In the Journal of World Trade (and free on SSRN), Dukgeun Ahn and William J. Moon argue for a new approach to the causation standard in trade remedy investigations, which they call the "Cost of Production" test. Here's an excerpt:
We argue that correlation, in a strict temporal sense, is neither a sufficient nor a necessary condition to prove causation. ... correlation will not be observed in many instances, even when there is genuine harm caused by increase in imports. Correlation, for example, will not be observed when rational firms show symptoms of decline five years after the increase in imports, because they take into account the ubiquity of sunk cost. Correlation may also simply be a temporal coincidence to industry decline, rather than a cause. To ameliorate this problem, we propose an additional tool that can be used as complement to Elasticity/ Partial Equilibrium Model. We propose the following hypotheses:
HYPOTHESIS 1 (H1)
If the price of imports is less than the domestic marginal cost of production, we should see an immediate decline in production that is attributable to import surge.HYPOTHESIS 2 (H2)

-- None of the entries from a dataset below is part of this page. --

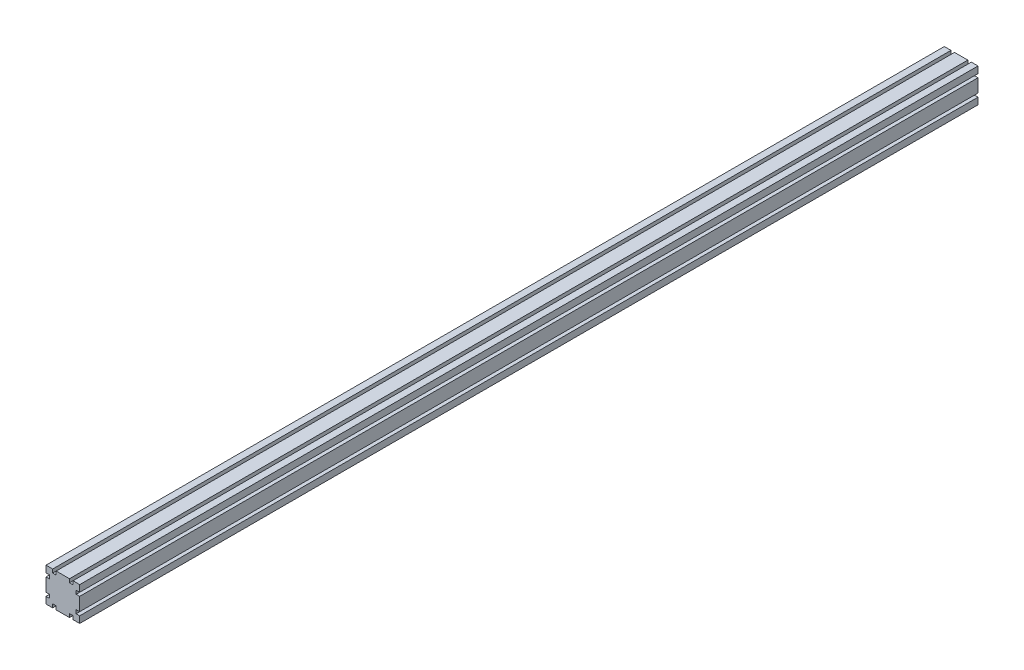
ISO-10303-21;
HEADER;
FILE_DESCRIPTION(('STEP AP214'),'2;1');
FILE_NAME('part.step','',(''),(''),'','','');
FILE_SCHEMA(('AUTOMOTIVE_DESIGN { 1 0 10303 214 1 1 1 1 }'));
ENDSEC;
DATA;
#1=APPLICATION_CONTEXT('core data for automotive mechanical design processes');
#2=APPLICATION_PROTOCOL_DEFINITION('international standard','automotive_design',2000,#1);
#3=PRODUCT_CONTEXT('',#1,'mechanical');
#4=PRODUCT('Part','Part','',(#3));
#5=PRODUCT_RELATED_PRODUCT_CATEGORY('part','',(#4));
#6=PRODUCT_DEFINITION_FORMATION('','',#4);
#7=PRODUCT_DEFINITION_CONTEXT('part definition',#1,'design');
#8=PRODUCT_DEFINITION('design','',#6,#7);
#9=PRODUCT_DEFINITION_SHAPE('','',#8);
#10=(LENGTH_UNIT() NAMED_UNIT(*) SI_UNIT(.MILLI.,.METRE.));
#11=(NAMED_UNIT(*) PLANE_ANGLE_UNIT() SI_UNIT($,.RADIAN.));
#12=(NAMED_UNIT(*) SI_UNIT($,.STERADIAN.) SOLID_ANGLE_UNIT());
#13=UNCERTAINTY_MEASURE_WITH_UNIT(LENGTH_MEASURE(1.E-05),#10,'distance_accuracy_value','');
#14=(GEOMETRIC_REPRESENTATION_CONTEXT(3) GLOBAL_UNCERTAINTY_ASSIGNED_CONTEXT((#13)) GLOBAL_UNIT_ASSIGNED_CONTEXT((#10,
#11,#12)) REPRESENTATION_CONTEXT('',''));
#15=CARTESIAN_POINT('',(0.,0.,0.));
#16=DIRECTION('',(0.,0.,1.));
#17=DIRECTION('',(1.,0.,0.));
#18=AXIS2_PLACEMENT_3D('',#15,#16,#17);
#19=CARTESIAN_POINT('',(-38.1,-23.05,2032.));
#20=DIRECTION('',(1.,0.,0.));
#21=DIRECTION('',(0.,0.,-1.));
#22=AXIS2_PLACEMENT_3D('',#19,#20,#21);
#23=PLANE('',#22);
#24=DIRECTION('',(0.,-1.,0.));
#25=VECTOR('',#24,1.);
#26=CARTESIAN_POINT('',(-38.1,-23.05,0.));
#27=LINE('',#26,#25);
#28=CARTESIAN_POINT('',(-38.1,-23.05,0.));
#29=VERTEX_POINT('',#28);
#30=CARTESIAN_POINT('',(-38.1,-38.1,0.));
#31=VERTEX_POINT('',#30);
#32=EDGE_CURVE('E303',#29,#31,#27,.T.);
#33=ORIENTED_EDGE('',*,*,#32,.T.);
#34=DIRECTION('',(0.,0.,-1.));
#35=VECTOR('',#34,1.);
#36=CARTESIAN_POINT('',(-38.1,-38.1,2032.));
#37=LINE('',#36,#35);
#38=CARTESIAN_POINT('',(-38.1,-38.1,2032.));
#39=VERTEX_POINT('',#38);
#40=EDGE_CURVE('E11',#39,#31,#37,.T.);
#41=ORIENTED_EDGE('',*,*,#40,.F.);
#42=DIRECTION('',(0.,-1.,0.));
#43=VECTOR('',#42,1.);
#44=CARTESIAN_POINT('',(-38.1,-23.05,2032.));
#45=LINE('',#44,#43);
#46=CARTESIAN_POINT('',(-38.1,-23.05,2032.));
#47=VERTEX_POINT('',#46);
#48=EDGE_CURVE('E373',#47,#39,#45,.T.);
#49=ORIENTED_EDGE('',*,*,#48,.F.);
#50=DIRECTION('',(0.,0.,-1.));
#51=VECTOR('',#50,1.);
#52=CARTESIAN_POINT('',(-38.1,-23.05,2032.));
#53=LINE('',#52,#51);
#54=EDGE_CURVE('E299',#47,#29,#53,.T.);
#55=ORIENTED_EDGE('',*,*,#54,.T.);
#56=EDGE_LOOP('',(#33,#41,#49,#55));
#57=FACE_BOUND('',#56,.T.);
#58=ADVANCED_FACE('F39',(#57),#23,.F.);
#59=CARTESIAN_POINT('',(-38.1,-38.1,2032.));
#60=DIRECTION('',(0.,1.,0.));
#61=DIRECTION('',(0.,0.,1.));
#62=AXIS2_PLACEMENT_3D('',#59,#60,#61);
#63=PLANE('',#62);
#64=DIRECTION('',(1.,0.,0.));
#65=VECTOR('',#64,1.);
#66=CARTESIAN_POINT('',(-38.1,-38.1,0.));
#67=LINE('',#66,#65);
#68=CARTESIAN_POINT('',(-23.05,-38.1,0.));
#69=VERTEX_POINT('',#68);
#70=EDGE_CURVE('E306',#31,#69,#67,.T.);
#71=ORIENTED_EDGE('',*,*,#70,.T.);
#72=DIRECTION('',(0.,0.,-1.));
#73=VECTOR('',#72,1.);
#74=CARTESIAN_POINT('',(-23.05,-38.1,2032.));
#75=LINE('',#74,#73);
#76=CARTESIAN_POINT('',(-23.05,-38.1,2032.));
#77=VERTEX_POINT('',#76);
#78=EDGE_CURVE('E47',#77,#69,#75,.T.);
#79=ORIENTED_EDGE('',*,*,#78,.F.);
#80=DIRECTION('',(1.,0.,0.));
#81=VECTOR('',#80,1.);
#82=CARTESIAN_POINT('',(-38.1,-38.1,2032.));
#83=LINE('',#82,#81);
#84=EDGE_CURVE('E182',#39,#77,#83,.T.);
#85=ORIENTED_EDGE('',*,*,#84,.F.);
#86=ORIENTED_EDGE('',*,*,#40,.T.);
#87=EDGE_LOOP('',(#71,#79,#85,#86));
#88=FACE_BOUND('',#87,.T.);
#89=ADVANCED_FACE('F571',(#88),#63,.F.);
#90=CARTESIAN_POINT('',(-23.05,-38.1,2032.));
#91=DIRECTION('',(-1.,0.,0.));
#92=DIRECTION('',(0.,0.,1.));
#93=AXIS2_PLACEMENT_3D('',#90,#91,#92);
#94=PLANE('',#93);
#95=DIRECTION('',(0.,1.,0.));
#96=VECTOR('',#95,1.);
#97=CARTESIAN_POINT('',(-23.05,-38.1,0.));
#98=LINE('',#97,#96);
#99=CARTESIAN_POINT('',(-23.05,-30.1,0.));
#100=VERTEX_POINT('',#99);
#101=EDGE_CURVE('E308',#69,#100,#98,.T.);
#102=ORIENTED_EDGE('',*,*,#101,.T.);
#103=DIRECTION('',(0.,0.,-1.));
#104=VECTOR('',#103,1.);
#105=CARTESIAN_POINT('',(-23.05,-30.1,2032.));
#106=LINE('',#105,#104);
#107=CARTESIAN_POINT('',(-23.05,-30.1,2032.));
#108=VERTEX_POINT('',#107);
#109=EDGE_CURVE('E464',#108,#100,#106,.T.);
#110=ORIENTED_EDGE('',*,*,#109,.F.);
#111=DIRECTION('',(0.,1.,0.));
#112=VECTOR('',#111,1.);
#113=CARTESIAN_POINT('',(-23.05,-38.1,2032.));
#114=LINE('',#113,#112);
#115=EDGE_CURVE('E472',#77,#108,#114,.T.);
#116=ORIENTED_EDGE('',*,*,#115,.F.);
#117=ORIENTED_EDGE('',*,*,#78,.T.);
#118=EDGE_LOOP('',(#102,#110,#116,#117));
#119=FACE_BOUND('',#118,.T.);
#120=ADVANCED_FACE('F470',(#119),#94,.F.);
#121=CARTESIAN_POINT('',(-23.05,-30.1,2032.));
#122=DIRECTION('',(0.,1.,0.));
#123=DIRECTION('',(0.,0.,1.));
#124=AXIS2_PLACEMENT_3D('',#121,#122,#123);
#125=PLANE('',#124);
#126=DIRECTION('',(1.,0.,0.));
#127=VECTOR('',#126,1.);
#128=CARTESIAN_POINT('',(-23.05,-30.1,0.));
#129=LINE('',#128,#127);
#130=CARTESIAN_POINT('',(-15.05,-30.1,0.));
#131=VERTEX_POINT('',#130);
#132=EDGE_CURVE('E310',#100,#131,#129,.T.);
#133=ORIENTED_EDGE('',*,*,#132,.T.);
#134=DIRECTION('',(0.,0.,-1.));
#135=VECTOR('',#134,1.);
#136=CARTESIAN_POINT('',(-15.05,-30.1,2032.));
#137=LINE('',#136,#135);
#138=CARTESIAN_POINT('',(-15.05,-30.1,2032.));
#139=VERTEX_POINT('',#138);
#140=EDGE_CURVE('E461',#139,#131,#137,.T.);
#141=ORIENTED_EDGE('',*,*,#140,.F.);
#142=DIRECTION('',(1.,0.,0.));
#143=VECTOR('',#142,1.);
#144=CARTESIAN_POINT('',(-23.05,-30.1,2032.));
#145=LINE('',#144,#143);
#146=EDGE_CURVE('E490',#108,#139,#145,.T.);
#147=ORIENTED_EDGE('',*,*,#146,.F.);
#148=ORIENTED_EDGE('',*,*,#109,.T.);
#149=EDGE_LOOP('',(#133,#141,#147,#148));
#150=FACE_BOUND('',#149,.T.);
#151=ADVANCED_FACE('F481',(#150),#125,.F.);
#152=CARTESIAN_POINT('',(-15.05,-30.1,2032.));
#153=DIRECTION('',(1.,0.,0.));
#154=DIRECTION('',(0.,0.,-1.));
#155=AXIS2_PLACEMENT_3D('',#152,#153,#154);
#156=PLANE('',#155);
#157=DIRECTION('',(0.,-1.,0.));
#158=VECTOR('',#157,1.);
#159=CARTESIAN_POINT('',(-15.05,-30.1,0.));
#160=LINE('',#159,#158);
#161=CARTESIAN_POINT('',(-15.05,-38.1,0.));
#162=VERTEX_POINT('',#161);
#163=EDGE_CURVE('E312',#131,#162,#160,.T.);
#164=ORIENTED_EDGE('',*,*,#163,.T.);
#165=DIRECTION('',(0.,0.,-1.));
#166=VECTOR('',#165,1.);
#167=CARTESIAN_POINT('',(-15.05,-38.1,2032.));
#168=LINE('',#167,#166);
#169=CARTESIAN_POINT('',(-15.05,-38.1,2032.));
#170=VERTEX_POINT('',#169);
#171=EDGE_CURVE('E458',#170,#162,#168,.T.);
#172=ORIENTED_EDGE('',*,*,#171,.F.);
#173=DIRECTION('',(0.,-1.,0.));
#174=VECTOR('',#173,1.);
#175=CARTESIAN_POINT('',(-15.05,-30.1,2032.));
#176=LINE('',#175,#174);
#177=EDGE_CURVE('E487',#139,#170,#176,.T.);
#178=ORIENTED_EDGE('',*,*,#177,.F.);
#179=ORIENTED_EDGE('',*,*,#140,.T.);
#180=EDGE_LOOP('',(#164,#172,#178,#179));
#181=FACE_BOUND('',#180,.T.);
#182=ADVANCED_FACE('F485',(#181),#156,.F.);
#183=CARTESIAN_POINT('',(-15.05,-38.1,2032.));
#184=DIRECTION('',(0.,1.,0.));
#185=DIRECTION('',(0.,0.,1.));
#186=AXIS2_PLACEMENT_3D('',#183,#184,#185);
#187=PLANE('',#186);
#188=DIRECTION('',(1.,0.,0.));
#189=VECTOR('',#188,1.);
#190=CARTESIAN_POINT('',(-15.05,-38.1,0.));
#191=LINE('',#190,#189);
#192=CARTESIAN_POINT('',(15.05,-38.1,0.));
#193=VERTEX_POINT('',#192);
#194=EDGE_CURVE('E314',#162,#193,#191,.T.);
#195=ORIENTED_EDGE('',*,*,#194,.T.);
#196=DIRECTION('',(0.,0.,-1.));
#197=VECTOR('',#196,1.);
#198=CARTESIAN_POINT('',(15.05,-38.1,2032.));
#199=LINE('',#198,#197);
#200=CARTESIAN_POINT('',(15.05,-38.1,2032.));
#201=VERTEX_POINT('',#200);
#202=EDGE_CURVE('E455',#201,#193,#199,.T.);
#203=ORIENTED_EDGE('',*,*,#202,.F.);
#204=DIRECTION('',(1.,0.,0.));
#205=VECTOR('',#204,1.);
#206=CARTESIAN_POINT('',(-15.05,-38.1,2032.));
#207=LINE('',#206,#205);
#208=EDGE_CURVE('E489',#170,#201,#207,.T.);
#209=ORIENTED_EDGE('',*,*,#208,.F.);
#210=ORIENTED_EDGE('',*,*,#171,.T.);
#211=EDGE_LOOP('',(#195,#203,#209,#210));
#212=FACE_BOUND('',#211,.T.);
#213=ADVANCED_FACE('F584',(#212),#187,.F.);
#214=CARTESIAN_POINT('',(15.05,-38.1,2032.));
#215=DIRECTION('',(-1.,0.,0.));
#216=DIRECTION('',(0.,0.,1.));
#217=AXIS2_PLACEMENT_3D('',#214,#215,#216);
#218=PLANE('',#217);
#219=DIRECTION('',(0.,1.,0.));
#220=VECTOR('',#219,1.);
#221=CARTESIAN_POINT('',(15.05,-38.1,0.));
#222=LINE('',#221,#220);
#223=CARTESIAN_POINT('',(15.05,-30.1,0.));
#224=VERTEX_POINT('',#223);
#225=EDGE_CURVE('E316',#193,#224,#222,.T.);
#226=ORIENTED_EDGE('',*,*,#225,.T.);
#227=DIRECTION('',(0.,0.,-1.));
#228=VECTOR('',#227,1.);
#229=CARTESIAN_POINT('',(15.05,-30.1,2032.));
#230=LINE('',#229,#228);
#231=CARTESIAN_POINT('',(15.05,-30.1,2032.));
#232=VERTEX_POINT('',#231);
#233=EDGE_CURVE('E452',#232,#224,#230,.T.);
#234=ORIENTED_EDGE('',*,*,#233,.F.);
#235=DIRECTION('',(0.,1.,0.));
#236=VECTOR('',#235,1.);
#237=CARTESIAN_POINT('',(15.05,-38.1,2032.));
#238=LINE('',#237,#236);
#239=EDGE_CURVE('E492',#201,#232,#238,.T.);
#240=ORIENTED_EDGE('',*,*,#239,.F.);
#241=ORIENTED_EDGE('',*,*,#202,.T.);
#242=EDGE_LOOP('',(#226,#234,#240,#241));
#243=FACE_BOUND('',#242,.T.);
#244=ADVANCED_FACE('F587',(#243),#218,.F.);
#245=CARTESIAN_POINT('',(15.05,-30.1,2032.));
#246=DIRECTION('',(0.,1.,0.));
#247=DIRECTION('',(0.,0.,1.));
#248=AXIS2_PLACEMENT_3D('',#245,#246,#247);
#249=PLANE('',#248);
#250=DIRECTION('',(1.,0.,0.));
#251=VECTOR('',#250,1.);
#252=CARTESIAN_POINT('',(15.05,-30.1,0.));
#253=LINE('',#252,#251);
#254=CARTESIAN_POINT('',(23.05,-30.1,0.));
#255=VERTEX_POINT('',#254);
#256=EDGE_CURVE('E318',#224,#255,#253,.T.);
#257=ORIENTED_EDGE('',*,*,#256,.T.);
#258=DIRECTION('',(0.,0.,-1.));
#259=VECTOR('',#258,1.);
#260=CARTESIAN_POINT('',(23.05,-30.1,2032.));
#261=LINE('',#260,#259);
#262=CARTESIAN_POINT('',(23.05,-30.1,2032.));
#263=VERTEX_POINT('',#262);
#264=EDGE_CURVE('E449',#263,#255,#261,.T.);
#265=ORIENTED_EDGE('',*,*,#264,.F.);
#266=DIRECTION('',(1.,0.,0.));
#267=VECTOR('',#266,1.);
#268=CARTESIAN_POINT('',(15.05,-30.1,2032.));
#269=LINE('',#268,#267);
#270=EDGE_CURVE('E498',#232,#263,#269,.T.);
#271=ORIENTED_EDGE('',*,*,#270,.F.);
#272=ORIENTED_EDGE('',*,*,#233,.T.);
#273=EDGE_LOOP('',(#257,#265,#271,#272));
#274=FACE_BOUND('',#273,.T.);
#275=ADVANCED_FACE('F591',(#274),#249,.F.);
#276=CARTESIAN_POINT('',(23.05,-30.1,2032.));
#277=DIRECTION('',(1.,0.,0.));
#278=DIRECTION('',(0.,0.,-1.));
#279=AXIS2_PLACEMENT_3D('',#276,#277,#278);
#280=PLANE('',#279);
#281=DIRECTION('',(0.,-1.,0.));
#282=VECTOR('',#281,1.);
#283=CARTESIAN_POINT('',(23.05,-30.1,0.));
#284=LINE('',#283,#282);
#285=CARTESIAN_POINT('',(23.05,-38.1,0.));
#286=VERTEX_POINT('',#285);
#287=EDGE_CURVE('E320',#255,#286,#284,.T.);
#288=ORIENTED_EDGE('',*,*,#287,.T.);
#289=DIRECTION('',(0.,0.,-1.));
#290=VECTOR('',#289,1.);
#291=CARTESIAN_POINT('',(23.05,-38.1,2032.));
#292=LINE('',#291,#290);
#293=CARTESIAN_POINT('',(23.05,-38.1,2032.));
#294=VERTEX_POINT('',#293);
#295=EDGE_CURVE('E446',#294,#286,#292,.T.);
#296=ORIENTED_EDGE('',*,*,#295,.F.);
#297=DIRECTION('',(0.,-1.,0.));
#298=VECTOR('',#297,1.);
#299=CARTESIAN_POINT('',(23.05,-30.1,2032.));
#300=LINE('',#299,#298);
#301=EDGE_CURVE('E500',#263,#294,#300,.T.);
#302=ORIENTED_EDGE('',*,*,#301,.F.);
#303=ORIENTED_EDGE('',*,*,#264,.T.);
#304=EDGE_LOOP('',(#288,#296,#302,#303));
#305=FACE_BOUND('',#304,.T.);
#306=ADVANCED_FACE('F595',(#305),#280,.F.);
#307=CARTESIAN_POINT('',(23.05,-38.1,2032.));
#308=DIRECTION('',(0.,1.,0.));
#309=DIRECTION('',(0.,0.,1.));
#310=AXIS2_PLACEMENT_3D('',#307,#308,#309);
#311=PLANE('',#310);
#312=DIRECTION('',(1.,0.,0.));
#313=VECTOR('',#312,1.);
#314=CARTESIAN_POINT('',(23.05,-38.1,0.));
#315=LINE('',#314,#313);
#316=CARTESIAN_POINT('',(38.1,-38.1,0.));
#317=VERTEX_POINT('',#316);
#318=EDGE_CURVE('E322',#286,#317,#315,.T.);
#319=ORIENTED_EDGE('',*,*,#318,.T.);
#320=DIRECTION('',(0.,0.,-1.));
#321=VECTOR('',#320,1.);
#322=CARTESIAN_POINT('',(38.1,-38.1,2032.));
#323=LINE('',#322,#321);
#324=CARTESIAN_POINT('',(38.1,-38.1,2032.));
#325=VERTEX_POINT('',#324);
#326=EDGE_CURVE('E443',#325,#317,#323,.T.);
#327=ORIENTED_EDGE('',*,*,#326,.F.);
#328=DIRECTION('',(1.,0.,0.));
#329=VECTOR('',#328,1.);
#330=CARTESIAN_POINT('',(23.05,-38.1,2032.));
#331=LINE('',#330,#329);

If the price of imports is greater than the domestic marginal cost of production but lower than the domestic average cost of production, we should not observe immediate decline in production that is attributable to import surge; instead, we should expect decline sometime in the future.HYPOTHESIS 3 (H3)
If the import price is greater than the domestic average cost of production, we should not see an immediate nor future decline that is attributable to import increase.